_What is being asked_
Copy out the entries below exactly as they stand, but only from the line containing "line L2395 (9.419167, 223.467083)" through the line containing "line L2399 (23.212778, 288.025417)".

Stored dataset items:

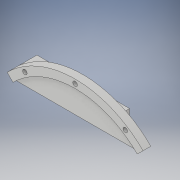
# Autodesk Inventor part: BearingGuard
Saved by Autodesk Inventor 2018 (Build 220112000, 112)
## iProperties
Created: 2019-02-07
Part Number: BearingGuard
Material: Generic
Document SubType Name: Modeling
Designer: anirudh
Density: 1 g/cm^3
Appearance: Default
Author: anirudh
Autodesk Inventor part; units mm, degrees
ref_plane "YZ Plane" through (0, 0, 0) normal (1, 0, 0) x (0, 1, 0)
ref_plane "XZ Plane" through (0, 0, 0) normal (0, 1, 0) x (-1, 0, 0)
ref_plane "XY Plane" through (0, 0, 0) normal (0, 0, 1) x (1, 0, 0)
sketch "Sketch1" plane through (0, 0, 0) normal (0, 0, 1) x (1, 0, 0)
  line L0 (0, 0) -> (101.6, 0)
  arc A0 (101.7181, 101.7181) -> (-0.1181, 101.7181) centre (50.8, 50.8) ccw
  arc A1 (106.4776, 106.4776) -> (-4.8776, 106.4776) centre (50.8, 50.8) ccw
  line L1 (0, 101.6) -> (-4.8776, 106.4776)
  line L2 (0, 101.6) -> (11.1798, 101.6) construction
  line L3 (101.6, 101.6) -> (106.4776, 106.4776)
  constraints: 8 end point, 4 point on circle, 2 centre point, 2 horizontal, 2 point on line, 1 coincident
extrude "Extrusion1" add sketch "Sketch1" along normal blind 2.54
sketch "Sketch2" plane through (0, 0, 0) normal (0, 0, -1) x (-1, 0, 0)
  line L0 (-101.7181, 101.7181) -> (0.1181, 101.7181)
  line L1 (-101.7181, 101.7181) -> (-106.4776, 106.4776) projected
  line L2 (-101.7181, 101.7181) -> (-106.4776, 106.4776)
  line L3 (4.8776, 106.4776) -> (0.1181, 101.7181) projected
  line L4 (0.1181, 101.7181) -> (4.8776, 106.4776)
  arc A0 (4.8776, 106.4776) -> (-106.4776, 106.4776) centre (-50.8, 50.8) ccw projected
  arc A1 (-106.4776, 106.4776) -> (-106.4776, 106.4776) centre (-50.8, 50.8) ccw
  point P0 (0, 0)
  constraints: 6 end point, 2 collinear, 1 horizontal, 4 other
extrude "Extrusion2" add sketch "Sketch2" along normal blind 3.81 contours L1 A0 L3 L0
sketch "Sketch8" plane through (0, 0, 2.54) normal (0, 0, 1) x (1, 0, 0)
  circle A0 centre (9.6434, 113.9463) radius 1.85
  circle A1 centre (50.8, 126.1745) radius 1.85
  circle A2 centre (91.9566, 113.9463) radius 1.85
  point P0 (0, 0)
  dimension "d32" = 3.7
  dimension "d33" = 3.7
  dimension "d34" = 3.7
  constraints: 3 centre point
  measures "d32" diameter of A0
  measures "d33" diameter of A1
  measures "d34" diameter of A2
extrude "Extrusion7" cut sketch "Sketch8" against normal blind 18.0594
sketch "Sketch9" plane through (0, 0, -3.81) normal (0, 0, -1) x (-1, 0, 0)
  line L0 (0.1181, 101.7181) -> (-71.0019, 101.7181)
  line L1 (0.1181, 101.7181) -> (4.8776, 106.4776) projected
  line L2 (0.1181, 101.7181) -> (4.8776, 106.4776)
  line L3 (4.8776, 106.4776) -> (-71.0019, 106.4776)
  line L4 (-71.0019, 106.4776) -> (-71.0019, 101.7181)
  point P0 (0, 0)
  dimension "d37" = 71.12
  constraints: 8 end point, 1 collinear, 1 horizontal
  measures "d37" distance of L0.start L0.end
extrude "Extrusion8" add sketch "Sketch9" along normal blind 18.0594
sketch "Sketch10" plane through (-4.8776, 106.4776, -3.81) normal (0, 1, 0) x (1, 0, 0)
  circle A0 centre (66.3545, 10.5594) radius 1.85
  circle A1 centre (19.05, 10.5594) radius 1.85
  circle A2 centre (42.7023, 10.5594) radius 1.85
  point P0 (4.8776, -3.81)
  point P1 (0, 18.0594)
  dimension "d44" = 3.7
  dimension "d45" = 3.7
  dimension "d46" = 3.7
  constraints: 3 centre point
  measures "d44" diameter of A0
  measures "d45" diameter of A1
  measures "d46" diameter of A2
extrude "Extrusion9" cut sketch "Sketch10" against normal blind 18.0594
fillet "Fillet3" radius 6.35 1 edges at (33.0622, 106.4776, -3.81)
fillet "Fillet4" radius 6.35 1 edges at (71.0019, 107.2728, -3.81)
body "Solid1"
Autodesk Fusion 360 part; units mm, degrees
(part 4 of 6)
  line L2387 (33.796111, 261.14375) -> (33.866667, 261.14375)
  line L2388 (10.442222, 231.61625) -> (10.089444, 231.475139)
  line L2389 (7.796389, 232.180694) -> (8.043333, 231.93375)
  line L2390 (28.998333, 231.651528) -> (29.068889, 231.722083)
  line L2391 (29.068889, 231.722083) -> (29.068889, 231.792639)
  line L2392 (28.292778, 227.347639) -> (28.222222, 227.312361)
  line L2393 (28.222222, 227.312361) -> (28.186944, 227.277083)
  line L2394 (28.186944, 227.277083) -> (28.151667, 227.17125)
  line L2395 (9.419167, 223.467083) -> (9.419167, 227.030139)
  line L2396 (16.086667, 223.220139) -> (16.016111, 223.149583)
  line L2397 (23.600833, 231.051805) -> (23.706667, 231.016528)
  line L2398 (23.495, 231.228194) -> (23.495, 231.157639)
  line L2399 (23.212778, 288.025417) -> (23.248056, 287.954861)
  line L2400 (23.248056, 287.954861) -> (23.212778, 287.81375)
  line L2401 (23.212778, 287.81375) -> (23.1775, 287.778472)
  line L2402 (5.961944, 223.184861) -> (6.067778, 223.114305)
  line L2403 (27.305, 252.88875) -> (27.340278, 252.641805)
  line L2404 (35.454167, 262.378472) -> (34.360556, 262.378472)
  line L2405 (41.521944, 265.377083) -> (41.768889, 265.341805)
  line L2406 (34.395833, 287.990139) -> (34.536944, 287.919583)
  line L2407 (35.806944, 289.648194) -> (35.806944, 289.507083)
  line L2408 (13.229167, 227.030139) -> (13.264444, 227.17125)
  line L2409 (36.83, 227.382917) -> (39.0525, 227.382917)
  line L2410 (43.991389, 288.836805) -> (43.991389, 287.390417)
  line L2411 (31.291389, 257.01625) -> (31.538333, 257.157361)
  line L2412 (31.538333, 257.157361) -> (31.785278, 257.369028)
  line L2413 (31.785278, 257.369028) -> (31.996944, 257.615972)
  line L2414 (31.996944, 257.615972) -> (32.138056, 257.898194)
  line L2415 (42.721389, 272.503194) -> (42.721389, 272.57375)
  line L2416 (42.721389, 272.57375) -> (42.686111, 272.644305)
  line L2417 (42.474444, 272.25625) -> (42.580278, 272.25625)
  line L2418 (8.396111, 226.85375) -> (8.501944, 226.85375)
  line L2419 (8.501944, 226.85375) -> (8.643056, 226.889028)
  line L2420 (8.643056, 226.889028) -> (8.678333, 226.924305)
  line L2421 (39.087778, 276.771805) -> (39.017222, 276.807083)
  line L2422 (39.193611, 276.277917) -> (39.228889, 276.419028)
  line L2423 (23.918333, 229.993472) -> (23.988889, 229.640694)
  line L2424 (17.78, 290.283194) -> (17.603611, 290.459583)
  line L2425 (13.440833, 223.114305) -> (13.335, 223.184861)
  line L2426 (14.781389, 280.722917) -> (14.499167, 280.687639)
  line L2427 (14.499167, 280.687639) -> (14.181667, 280.581805)
  line L2428 (14.181667, 280.581805) -> (13.899444, 280.440694)
  line L2429 (13.899444, 280.440694) -> (13.6525, 280.264305)
  line L2430 (39.299444, 265.659305) -> (39.405278, 265.624028)
  line L2431 (9.666111, 223.114305) -> (9.807222, 223.184861)
  line L2432 (9.807222, 223.184861) -> (9.877778, 223.220139)
  line L2433 (9.877778, 223.220139) -> (9.913056, 223.255417)
  line L2434 (26.387778, 253.20625) -> (26.916944, 253.20625)
  line L2435 (9.383889, 231.369305) -> (9.736667, 231.404583)
  line L2436 (15.769167, 223.114305) -> (13.581944, 223.114305)
  line L2437 (22.895278, 225.548472) -> (22.754167, 225.548472)
  line L2438 (23.106944, 224.172639) -> (23.106944, 225.195694)
  line L2439 (22.965833, 223.643472) -> (23.106944, 223.925694)
  line L2440 (23.106944, 223.925694) -> (23.106944, 224.172639)
  line L2441 (32.208611, 227.135972) -> (32.208611, 227.206528)
  line L2442 (32.208611, 227.206528) -> (32.138056, 227.277083)
  line L2443 (32.138056, 227.277083) -> (32.102778, 227.347639)
  line L2444 (40.181389, 240.329861) -> (40.287222, 240.400417)
  line L2445 (40.287222, 240.400417) -> (40.3225, 240.470972)
  line L2446 (40.3225, 240.470972) -> (40.357778, 240.541528)
  line L2447 (34.113611, 223.220139) -> (34.184167, 223.149583)
  line L2448 (34.184167, 223.149583) -> (34.325278, 223.114305)
  line L2449 (34.043056, 223.467083) -> (34.043056, 223.396528)
  line L2450 (31.185556, 291.094583) -> (31.256111, 291.165139)
  line L2451 (30.832778, 291.165139) -> (30.903333, 291.129861)
  line L2452 (35.806944, 285.873472) -> (35.771667, 285.661805)
  line L2453 (36.124444, 272.503194) -> (36.089167, 272.57375)
  line L2454 (36.089167, 272.57375) -> (36.089167, 272.644305)
  line L2455 (23.883056, 231.157639) -> (23.847778, 231.087083)
  line L2456 (23.847778, 231.087083) -> (23.777222, 231.051805)
  line L2457 (23.777222, 231.051805) -> (23.706667, 231.016528)
  line L2458 (42.545, 264.459861) -> (42.509722, 264.354028)
  line L2459 (38.064722, 245.692083) -> (38.029444, 245.58625)
  line L2460 (13.299722, 227.277083) -> (13.440833, 227.347639)
  line L2461 (38.029444, 245.58625) -> (38.029444, 245.515694)
  line L2462 (39.0525, 248.902361) -> (38.064722, 245.692083)
  line L2463 (39.264167, 249.07875) -> (39.193611, 249.07875)
  line L2464 (39.193611, 249.07875) -> (39.123056, 249.043472)
  line L2465 (30.938611, 291.059305) -> (31.079722, 291.059305)
  line L2466 (30.832778, 291.341528) -> (30.832778, 291.235694)
  line L2467 (30.832778, 291.235694) -> (30.832778, 291.165139)
  line L2468 (42.545, 262.202083) -> (42.545, 261.955139)
  line L2469 (42.2275, 263.542639) -> (41.733611, 263.542639)
  line L2470 (19.332222, 225.407361) -> (19.508611, 225.760139)
  line L2471 (36.053889, 272.326805) -> (36.089167, 272.397361)
  line L2472 (36.089167, 272.397361) -> (36.124444, 272.503194)
  line L2473 (39.264167, 276.524861) -> (39.264167, 276.665972)
  line L2474 (31.397222, 229.07625) -> (31.4325, 229.040972)
  line L2475 (38.770278, 276.665972) -> (38.876111, 276.736528)
  line L2476 (27.6225, 231.61625) -> (28.821944, 231.61625)
  line L2477 (27.6225, 230.769583) -> (27.6225, 231.61625)
  line L2478 (20.073056, 290.283194) -> (17.78, 290.283194)
  line L2479 (38.205833, 233.168472) -> (38.205833, 233.027361)
  line L2480 (38.205833, 233.027361) -> (38.276389, 232.921528)
  line L2481 (31.291389, 291.270972) -> (31.291389, 291.341528)
  line L2482 (6.067778, 223.114305) -> (6.173611, 223.114305)
  line L2483 (5.856111, 227.030139) -> (5.856111, 223.467083)
  line L2484 (38.523333, 249.537361) -> (38.488056, 249.502083)
  line L2485 (18.626667, 226.783194) -> (18.803056, 226.677361)
  line L2486 (34.29, 291.200417) -> (34.395833, 291.094583)
  line L2487 (34.360556, 262.378472) -> (34.925, 264.212917)
  line L2488 (34.713333, 275.325417) -> (35.277778, 273.490972)
  line L2489 (40.498889, 245.58625) -> (40.534167, 245.515694)
  line L2490 (40.534167, 245.515694) -> (40.498889, 245.445139)
  line L2491 (40.498889, 245.445139) -> (40.463611, 245.374583)
  line L2492 (40.463611, 245.374583) -> (40.393056, 245.304028)
  line L2493 (40.393056, 245.304028) -> (40.287222, 245.304028)
  line L2494 (40.287222, 245.304028) -> (40.216667, 245.304028)
  line L2495 (40.216667, 245.304028) -> (40.146111, 245.339305)
  line L2496 (40.146111, 245.339305) -> (40.075556, 245.409861)
  line L2497 (40.075556, 245.409861) -> (40.040278, 245.480417)
  line L2498 (40.040278, 245.480417) -> (39.899167, 245.939028)
  line L2499 (39.899167, 245.939028) -> (38.629167, 245.939028)
  line L2500 (38.629167, 245.939028) -> (38.488056, 245.445139)
  line L2501 (38.488056, 245.445139) -> (38.452778, 245.374583)
  line L2502 (38.452778, 245.374583) -> (38.4175, 245.339305)
  line L2503 (38.4175, 245.339305) -> (38.346944, 245.304028)
  line L2504 (38.346944, 245.304028) -> (38.276389, 245.304028)
  line L2505 (38.276389, 245.304028) -> (38.135278, 245.339305)
  line L2506 (38.135278, 245.339305) -> (38.064722, 245.409861)
  line L2507 (38.064722, 245.409861) -> (38.029444, 245.515694)
  line L2508 (38.029444, 245.515694) -> (38.029444, 245.58625)
  line L2509 (38.029444, 245.58625) -> (38.064722, 245.692083)
  line L2510 (38.064722, 245.692083) -> (39.0525, 248.902361)
  line L2511 (39.0525, 248.902361) -> (39.0525, 248.972917)
  line L2512 (39.0525, 248.972917) -> (39.123056, 249.043472)
  line L2513 (39.123056, 249.043472) -> (39.193611, 249.07875)
  line L2514 (39.193611, 249.07875) -> (39.264167, 249.07875)
  line L2515 (39.264167, 249.07875) -> (39.334722, 249.07875)
  line L2516 (39.334722, 249.07875) -> (39.405278, 249.043472)
  line L2517 (39.405278, 249.043472) -> (39.475833, 248.972917)
  line L2518 (39.475833, 248.972917) -> (39.511111, 248.867083)
  line L2519 (39.511111, 248.867083) -> (40.498889, 245.656805)
  line L2520 (40.498889, 245.656805) -> (40.498889, 245.58625)
  line L2521 (27.163889, 223.114305) -> (27.657778, 223.220139)
  line L2522 (27.657778, 223.220139) -> (28.116389, 223.431805)
  line L2523 (28.116389, 223.431805) -> (28.363333, 223.714028)
  line L2524 (40.569444, 261.743472) -> (40.781111, 261.46125)
  line L2525 (40.781111, 261.46125) -> (41.028056, 261.249583)
  line L2526 (41.028056, 261.249583) -> (41.275, 261.179028)
  line L2527 (8.184444, 225.513194) -> (8.149167, 225.372083)
  line L2528 (8.149167, 225.372083) -> (8.113889, 225.336805)
  line L2529 (24.4475, 253.559028) -> (24.412222, 253.594305)
  line L2530 (24.412222, 253.594305) -> (24.341667, 253.594305)
  line L2531 (25.4, 250.630972) -> (24.553333, 253.417917)
  line L2532 (23.8125, 285.90875) -> (23.8125, 285.838194)
  line L2533 (23.106944, 224.172639) -> (23.106944, 223.925694)
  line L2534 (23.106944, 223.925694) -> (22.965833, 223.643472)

_Your response_
  line L2395 (9.419167, 223.467083) -> (9.419167, 227.030139)
  line L2396 (16.086667, 223.220139) -> (16.016111, 223.149583)
  line L2397 (23.600833, 231.051805) -> (23.706667, 231.016528)
  line L2398 (23.495, 231.228194) -> (23.495, 231.157639)
  line L2399 (23.212778, 288.025417) -> (23.248056, 287.954861)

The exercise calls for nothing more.